=== Records shown ===

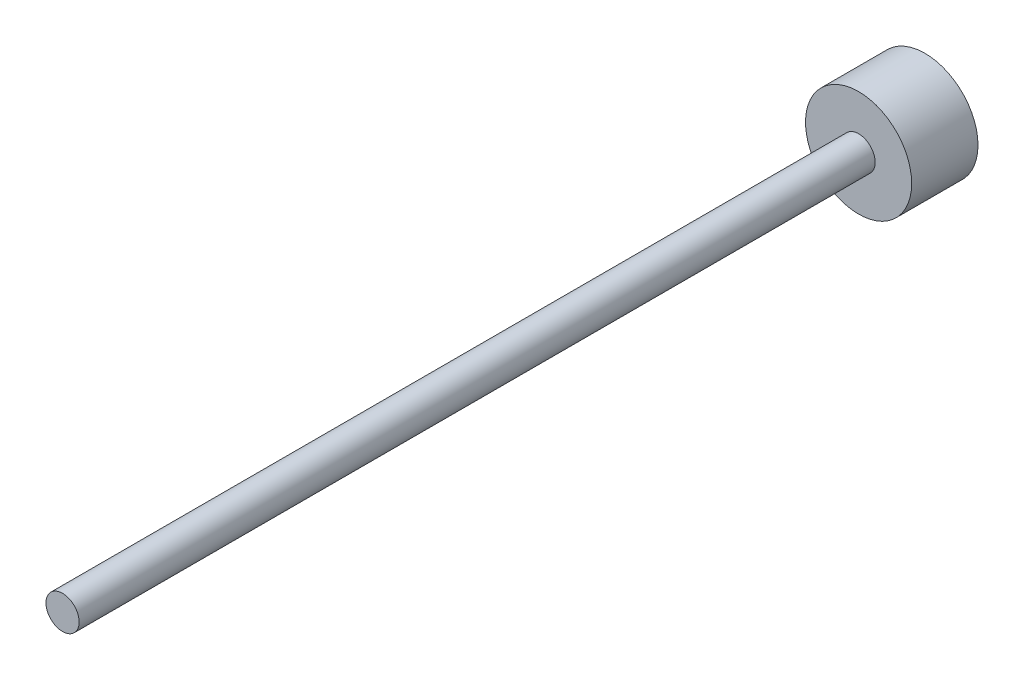
SolidWorks part; units mm, degrees
ref_plane "前视基准面" through (0, 0, 0) normal (0, 0, 1) x (1, 0, 0)
ref_plane "上视基准面" through (0, 0, 0) normal (0, 1, 0) x (1, 0, 0)
ref_plane "右视基准面" through (0, 0, 0) normal (1, 0, 0) x (0, 0, -1)
sketch "草图1" plane through (0, 0, 0) normal (0, 0, 1) x (1, 0, 0)
  circle A0 centre (0, 0) radius 8
extrude "凸台-拉伸1" add sketch "草图1" along normal blind 10
sketch "草图2" plane through (0, 0, 10) normal (0, 0, 1) x (1, 0, 0)
  circle A0 centre (0, 0) radius 2.5
extrude "凸台-拉伸2" add sketch "草图2" along normal blind 120

===

| What is required |
The lines from the one containing "plane through (0, 0, 0)" through the final line of the listing above are all you should set down, exactly as written.

| Answer area |
sketch "草图1" plane through (0, 0, 0) normal (0, 0, 1) x (1, 0, 0)
  circle A0 centre (0, 0) radius 8
extrude "凸台-拉伸1" add sketch "草图1" along normal blind 10
sketch "草图2" plane through (0, 0, 10) normal (0, 0, 1) x (1, 0, 0)
  circle A0 centre (0, 0) radius 2.5
extrude "凸台-拉伸2" add sketch "草图2" along normal blind 120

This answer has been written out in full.